According to Spokane Police Department policy, “an officer should not carry a handgun to a place or event where he/she anticipates consuming alcohol.”

Olsen is known to frequent the bar: “I know him. He’s a regular,” said bar manager Joe Labish. Olsen’s drink of choice: “Jack (Daniels) and Coke.”

Olsen volunteered a blood sample when Monday’s investigation began, Reagan confirmed Monday night. It’s unknown whether he was under the influence of alcohol when the shooting occurred.

Labish said Dempsey’s closed at 2 a.m.

According to investigators, the incident began about 3:30 a.m., when Olsen and a woman used her car to chase the suspected truck thief to the 1200 block of West Riverside Avenue, where the truck was abandoned. Olsen fired his gun at the man as he ran down an embankment into the Peaceful Valley neighborhood. After being injured, the man pounded on a door in the 1400 block of West Clarke, at the bottom of the hill near Main Avenue. The resident called 911 at 3:43 a.m.

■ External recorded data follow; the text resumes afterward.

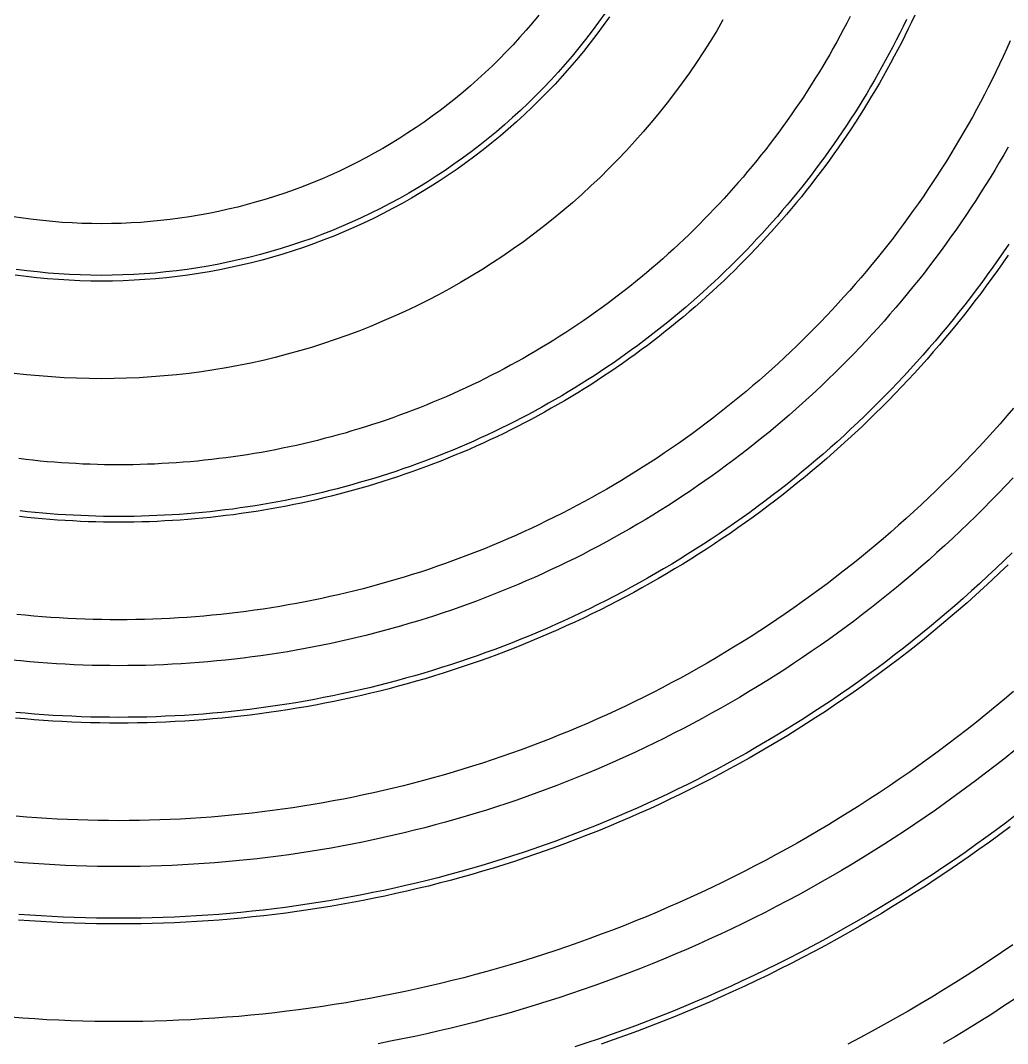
# Model space of a CAD drawing. Header units: metres. Extents: x 10 to 1210, y 10 to 2773.
# Drawn here: x 442.9 to 614.8, y 216.2 to 394.4 of the extents above; entities that cross this region are included whole.
import ezdxf

# ---------------------------------------------------------------- set-up
doc = ezdxf.new("R2010")
doc.units = ezdxf.units.M
for name, color, linetype in [('ACIKLIK', 5, 'Continuous'), ('CAM_SABLON', 4, 'Continuous'), ('DIS_KENAR_V91_Z3', 1, 'Continuous'), ('LAMBA_T4_Z4', 3, 'Continuous')]:
    doc.layers.add(name, color=color, linetype=linetype)

msp = doc.modelspace()

# ---------------------------------------------------------------- linework, layer by layer
at = {"layer": 'ACIKLIK'}
for points in [[(533.16, 395.33), (532.07, 394.01), (530.96, 392.71), (529.83, 391.43), (528.67, 390.16), (527.49, 388.92), (526.3, 387.7), (525.08, 386.51), (523.84, 385.33), (522.57, 384.17), (521.29, 383.04), (519.99, 381.93), (518.67, 380.84), (517.33, 379.78), (515.98, 378.73), (514.6, 377.72), (513.21, 376.72), (511.8, 375.76), (510.37, 374.81), (508.93, 373.89), (507.47, 373), (506, 372.13), (504.51, 371.29), (503.01, 370.47), (501.49, 369.68), (499.96, 368.92), (498.42, 368.18), (496.86, 367.47), (495.29, 366.79), (493.71, 366.14), (492.12, 365.51), (490.52, 364.91), (488.91, 364.34), (487.28, 363.8), (485.65, 363.28), (484.01, 362.8), (482.36, 362.34), (480.71, 361.91), (479.04, 361.51), (477.38, 361.14), (475.7, 360.8), (474.02, 360.49), (472.33, 360.21), (470.64, 359.95), (468.94, 359.73), (467.24, 359.54), (465.54, 359.37), (463.84, 359.24), (462.13, 359.14), (460.42, 359.06), (458.71, 359.02), (457, 359), (455.29, 359.02), (453.58, 359.06), (451.87, 359.14), (450.16, 359.24), (448.46, 359.37), (446.76, 359.54), (445.06, 359.73), (443.36, 359.95), (441.67, 360.21)], [(587.41, 395.08), (586.84, 393.97), (586.26, 392.87), (585.67, 391.77), (585.07, 390.67), (584.46, 389.58), (583.84, 388.5), (583.21, 387.42), (582.57, 386.35), (581.93, 385.28), (581.27, 384.22), (580.6, 383.17), (579.93, 382.12), (579.25, 381.07), (578.55, 380.04), (577.85, 379), (577.14, 377.98), (576.42, 376.96), (575.69, 375.95), (574.95, 374.94), (574.2, 373.94), (573.45, 372.95), (572.69, 371.96), (571.91, 370.98), (571.13, 370.01), (570.34, 369.04), (569.54, 368.08), (568.74, 367.13), (567.92, 366.18), (567.1, 365.25), (566.27, 364.31), (565.43, 363.39), (564.58, 362.47), (563.73, 361.57), (562.87, 360.66), (561.99, 359.77), (561.12, 358.88), (560.23, 358.01), (559.34, 357.13), (558.43, 356.27), (557.53, 355.42), (556.61, 354.57), (555.69, 353.73), (554.75, 352.9), (553.82, 352.08), (552.87, 351.26), (551.92, 350.46), (550.96, 349.66), (549.99, 348.87), (549.02, 348.09), (548.04, 347.31), (547.05, 346.55), (546.06, 345.8), (545.06, 345.05), (544.05, 344.31), (543.04, 343.58), (542.02, 342.86), (541, 342.15), (539.96, 341.45), (538.93, 340.75), (537.88, 340.07), (536.83, 339.4), (535.78, 338.73), (534.72, 338.07), (533.65, 337.43), (532.58, 336.79), (531.5, 336.16), (530.42, 335.54), (529.33, 334.93), (528.23, 334.33), (527.13, 333.74), (526.03, 333.16), (524.92, 332.59), (523.81, 332.02), (522.69, 331.47), (521.56, 330.93), (520.43, 330.4), (519.3, 329.88), (518.16, 329.36), (517.02, 328.86), (515.87, 328.37), (514.72, 327.89), (513.57, 327.41), (512.41, 326.95), (511.25, 326.5), (510.08, 326.06), (508.91, 325.62), (507.73, 325.2), (506.56, 324.79), (505.37, 324.39), (504.19, 324), (503, 323.62), (501.81, 323.25), (500.61, 322.89), (499.42, 322.54), (498.22, 322.2), (497.01, 321.87), (495.8, 321.56), (494.59, 321.25), (493.38, 320.95), (492.17, 320.67), (490.95, 320.39), (489.73, 320.13), (488.51, 319.87), (487.29, 319.63), (486.06, 319.39), (484.83, 319.17), (483.6, 318.96), (482.37, 318.76), (481.14, 318.57), (479.9, 318.39), (478.67, 318.22), (477.43, 318.07), (476.19, 317.92), (474.95, 317.78), (473.71, 317.66), (472.46, 317.54), (471.22, 317.44), (469.98, 317.35), (468.73, 317.27), (467.48, 317.2), (466.24, 317.14), (464.99, 317.09), (463.74, 317.05), (462.5, 317.02), (461.25, 317.01), (460, 317), (458.75, 317.01), (457.5, 317.02), (456.26, 317.05), (455.01, 317.09), (453.76, 317.14), (452.52, 317.2), (451.27, 317.27), (450.02, 317.35), (448.78, 317.44), (447.54, 317.54), (446.29, 317.66), (445.05, 317.78), (443.81, 317.92), (442.57, 318.07)], [(614.92, 372.35), (614.15, 371), (613.37, 369.66), (612.58, 368.32), (611.77, 367), (610.95, 365.67), (610.12, 364.36), (609.28, 363.05), (608.43, 361.76), (607.57, 360.46), (606.69, 359.18), (605.81, 357.9), (604.91, 356.64), (604, 355.37), (603.09, 354.12), (602.16, 352.88), (601.22, 351.64), (600.27, 350.41), (599.3, 349.19), (598.33, 347.98), (597.35, 346.78), (596.36, 345.58), (595.35, 344.4), (594.34, 343.22), (593.31, 342.05), (592.28, 340.89), (591.24, 339.75), (590.18, 338.6), (589.12, 337.47), (588.04, 336.35), (586.96, 335.24), (585.86, 334.14), (584.76, 333.04), (583.65, 331.96), (582.53, 330.88), (581.4, 329.82), (580.25, 328.76), (579.11, 327.72), (577.95, 326.69), (576.78, 325.66), (575.6, 324.65), (574.42, 323.64), (573.22, 322.65), (572.02, 321.67), (570.81, 320.7), (569.59, 319.73), (568.36, 318.78), (567.12, 317.84), (565.88, 316.91), (564.63, 316), (563.36, 315.09), (562.1, 314.19), (560.82, 313.31), (559.54, 312.43), (558.24, 311.57), (556.95, 310.72), (555.64, 309.88), (554.33, 309.05), (553, 308.23), (551.68, 307.42), (550.34, 306.63), (549, 305.85), (547.65, 305.08), (546.3, 304.32), (544.93, 303.57), (543.57, 302.84), (542.19, 302.11), (540.81, 301.4), (539.42, 300.7), (538.03, 300.01), (536.63, 299.34), (535.23, 298.68), (533.82, 298.03), (532.4, 297.39), (530.98, 296.76), (529.55, 296.15), (528.12, 295.55), (526.68, 294.96), (525.24, 294.39), (523.79, 293.82), (522.34, 293.27), (520.88, 292.73), (519.42, 292.21), (517.95, 291.7), (516.48, 291.2), (515, 290.71), (513.53, 290.24), (512.04, 289.78), (510.55, 289.33), (509.06, 288.9), (507.57, 288.47), (506.07, 288.07), (504.57, 287.67), (503.06, 287.29), (501.55, 286.92), (500.04, 286.56), (498.53, 286.22), (497.01, 285.89), (495.49, 285.57), (493.96, 285.27), (492.44, 284.98), (490.91, 284.7), (489.38, 284.44), (487.85, 284.19), (486.31, 283.96), (484.77, 283.73), (483.23, 283.52), (481.69, 283.33), (480.15, 283.14), (478.61, 282.98), (477.06, 282.82), (475.51, 282.68), (473.97, 282.55), (472.42, 282.43), (470.87, 282.33), (469.32, 282.24), (467.76, 282.17), (466.21, 282.11), (464.66, 282.06), (463.11, 282.03), (461.55, 282.01), (460, 282), (458.45, 282.01), (456.89, 282.03), (455.34, 282.06), (453.79, 282.11), (452.24, 282.17), (450.68, 282.24), (449.13, 282.33), (447.58, 282.43), (446.03, 282.55), (444.49, 282.68), (442.94, 282.82), (441.39, 282.98)], [(615.78, 314.73), (614.5, 313.38), (613.22, 312.04), (611.92, 310.71), (610.61, 309.39), (609.29, 308.08), (607.96, 306.78), (606.62, 305.5), (605.27, 304.22), (603.9, 302.96), (602.52, 301.71), (601.14, 300.47), (599.74, 299.25), (598.33, 298.03), (596.91, 296.83), (595.48, 295.64), (594.05, 294.47), (592.6, 293.3), (591.14, 292.15), (589.67, 291.02), (588.19, 289.89), (586.7, 288.78), (585.2, 287.68), (583.69, 286.59), (582.17, 285.52), (580.64, 284.46), (579.11, 283.42), (577.56, 282.38), (576.01, 281.36), (574.44, 280.36), (572.87, 279.37), (571.29, 278.39), (569.7, 277.42), (568.11, 276.47), (566.5, 275.54), (564.89, 274.61), (563.26, 273.71), (561.63, 272.81), (560, 271.93), (558.35, 271.07), (556.7, 270.22), (555.04, 269.38), (553.37, 268.56), (551.7, 267.75), (550.02, 266.96), (548.33, 266.18), (546.63, 265.42), (544.93, 264.67), (543.23, 263.93), (541.51, 263.21), (539.79, 262.51), (538.06, 261.82), (536.33, 261.15), (534.59, 260.49), (532.85, 259.85), (531.1, 259.22), (529.35, 258.6), (527.59, 258.01), (525.82, 257.43), (524.05, 256.86), (522.28, 256.31), (520.5, 255.77), (518.71, 255.25), (516.92, 254.75), (515.13, 254.26), (513.33, 253.78), (511.53, 253.33), (509.72, 252.89), (507.91, 252.46), (506.1, 252.05), (504.29, 251.65), (502.47, 251.28), (500.64, 250.91), (498.82, 250.57), (496.99, 250.24), (495.16, 249.92), (493.32, 249.62), (491.48, 249.34), (489.64, 249.07), (487.8, 248.82), (485.96, 248.59), (484.11, 248.37), (482.26, 248.17), (480.42, 247.98), (478.56, 247.81), (476.71, 247.66), (474.86, 247.52), (473, 247.4), (471.15, 247.29), (469.29, 247.2), (467.43, 247.13), (465.58, 247.07), (463.72, 247.03), (461.86, 247.01), (460, 247), (458.14, 247.01), (456.28, 247.03), (454.42, 247.07), (452.57, 247.13), (450.71, 247.2), (448.85, 247.29), (447, 247.4), (445.14, 247.52), (443.29, 247.66), (441.44, 247.81)], [(616.07, 267.27), (614.38, 265.91), (612.68, 264.57), (610.97, 263.25), (609.25, 261.94), (607.52, 260.64), (605.77, 259.36), (604.01, 258.1), (602.25, 256.85), (600.47, 255.62), (598.68, 254.4), (596.88, 253.2), (595.07, 252.01), (593.25, 250.84), (591.42, 249.68), (589.58, 248.55), (587.73, 247.42), (585.87, 246.32), (584, 245.23), (582.12, 244.15), (580.23, 243.09), (578.34, 242.05), (576.43, 241.03), (574.51, 240.02), (572.59, 239.03), (570.66, 238.06), (568.72, 237.1), (566.77, 236.16), (564.81, 235.24), (562.84, 234.33), (560.87, 233.44), (558.89, 232.57), (556.9, 231.72), (554.91, 230.88), (552.9, 230.06), (550.89, 229.26), (548.88, 228.47), (546.85, 227.71), (544.82, 226.96), (542.78, 226.23), (540.74, 225.51), (538.69, 224.82), (536.64, 224.14), (534.57, 223.48), (532.51, 222.84), (530.44, 222.21), (528.36, 221.61), (526.28, 221.02), (524.19, 220.45), (522.09, 219.9), (520, 219.37), (517.89, 218.85), (515.79, 218.36), (513.68, 217.88), (511.56, 217.42), (509.44, 216.98), (507.32, 216.56), (505.19, 216.15)], [(616.2, 224.01), (614.13, 222.66), (612.06, 221.32), (609.97, 220), (607.87, 218.7), (605.76, 217.42), (603.63, 216.16)]]:
    msp.add_lwpolyline(points, dxfattribs=at)
at = {"layer": 'CAM_SABLON'}
for points in [[(544.65, 395.63), (543.56, 394.11), (542.45, 392.61), (541.32, 391.12), (540.15, 389.66), (538.97, 388.22), (537.75, 386.8), (536.52, 385.4), (535.25, 384.03), (533.97, 382.67), (532.66, 381.34), (531.33, 380.03), (529.97, 378.75), (528.6, 377.48), (527.2, 376.25), (525.78, 375.03), (524.34, 373.85), (522.88, 372.68), (521.39, 371.55), (519.89, 370.44), (518.37, 369.35), (516.83, 368.29), (515.28, 367.26), (513.7, 366.26), (512.11, 365.28), (510.5, 364.34), (508.87, 363.42), (507.23, 362.53), (505.58, 361.66), (503.91, 360.83), (502.22, 360.03), (500.52, 359.25), (498.81, 358.51), (497.08, 357.79), (495.35, 357.11), (493.6, 356.45), (491.84, 355.83), (490.06, 355.24), (488.28, 354.68), (486.49, 354.15), (484.69, 353.65), (482.89, 353.18), (481.07, 352.74), (479.25, 352.34), (477.42, 351.97), (475.58, 351.63), (473.74, 351.32), (471.89, 351.04), (470.04, 350.8), (468.18, 350.59), (466.33, 350.41), (464.46, 350.26), (462.6, 350.15), (460.73, 350.07), (458.87, 350.02), (457, 350), (455.13, 350.02), (453.27, 350.07), (451.4, 350.15), (449.54, 350.26), (447.67, 350.41), (445.82, 350.59), (443.96, 350.8), (442.11, 351.04)], [(597.19, 394.56), (596.62, 393.37), (596.03, 392.18), (595.43, 390.99), (594.83, 389.81), (594.21, 388.64), (593.58, 387.47), (592.94, 386.31), (592.29, 385.15), (591.64, 384), (590.97, 382.85), (590.29, 381.71), (589.6, 380.58), (588.9, 379.45), (588.2, 378.33), (587.48, 377.21), (586.75, 376.11), (586.01, 375), (585.27, 373.91), (584.51, 372.82), (583.75, 371.73), (582.97, 370.66), (582.19, 369.59), (581.39, 368.52), (580.59, 367.47), (579.78, 366.42), (578.96, 365.38), (578.13, 364.34), (577.29, 363.32), (576.44, 362.3), (575.58, 361.28), (574.72, 360.28), (573.84, 359.28), (572.96, 358.29), (572.07, 357.31), (571.17, 356.34), (570.26, 355.37), (569.34, 354.41), (568.41, 353.46), (567.48, 352.52), (566.54, 351.59), (565.59, 350.66), (564.63, 349.74), (563.66, 348.83), (562.69, 347.93), (561.71, 347.04), (560.72, 346.16), (559.72, 345.28), (558.72, 344.42), (557.7, 343.56), (556.68, 342.71), (555.66, 341.87), (554.62, 341.04), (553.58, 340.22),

The woman who was with Olsen, for unknown reasons, moved Olsen’s truck from Riverside to Main, near where the shooting occurred, Reagan said. Olsen’s truck was towed to a Sheriff’s Office garage, where it will be searched this week.

“Officer Olsen and his attorney were cooperating with the investigation,” Reagan said.

This is the second time in less than two years that Olsen has been in the news. In September 2005, neighbors living near 112 W. Montgomery Ave. were frustrated by frequent drug activity at a home owned by the police officer.

Dennis “DJ” Jones was convicted of selling drugs out of one of the five apartment units in the converted house. Olsen said he had no knowledge of the illegal activity.

Spokane police Officer Jennifer DeRuwe said there was an internal investigation into whether Olsen had done anything improper. It was unclear Monday what that investigation turned up.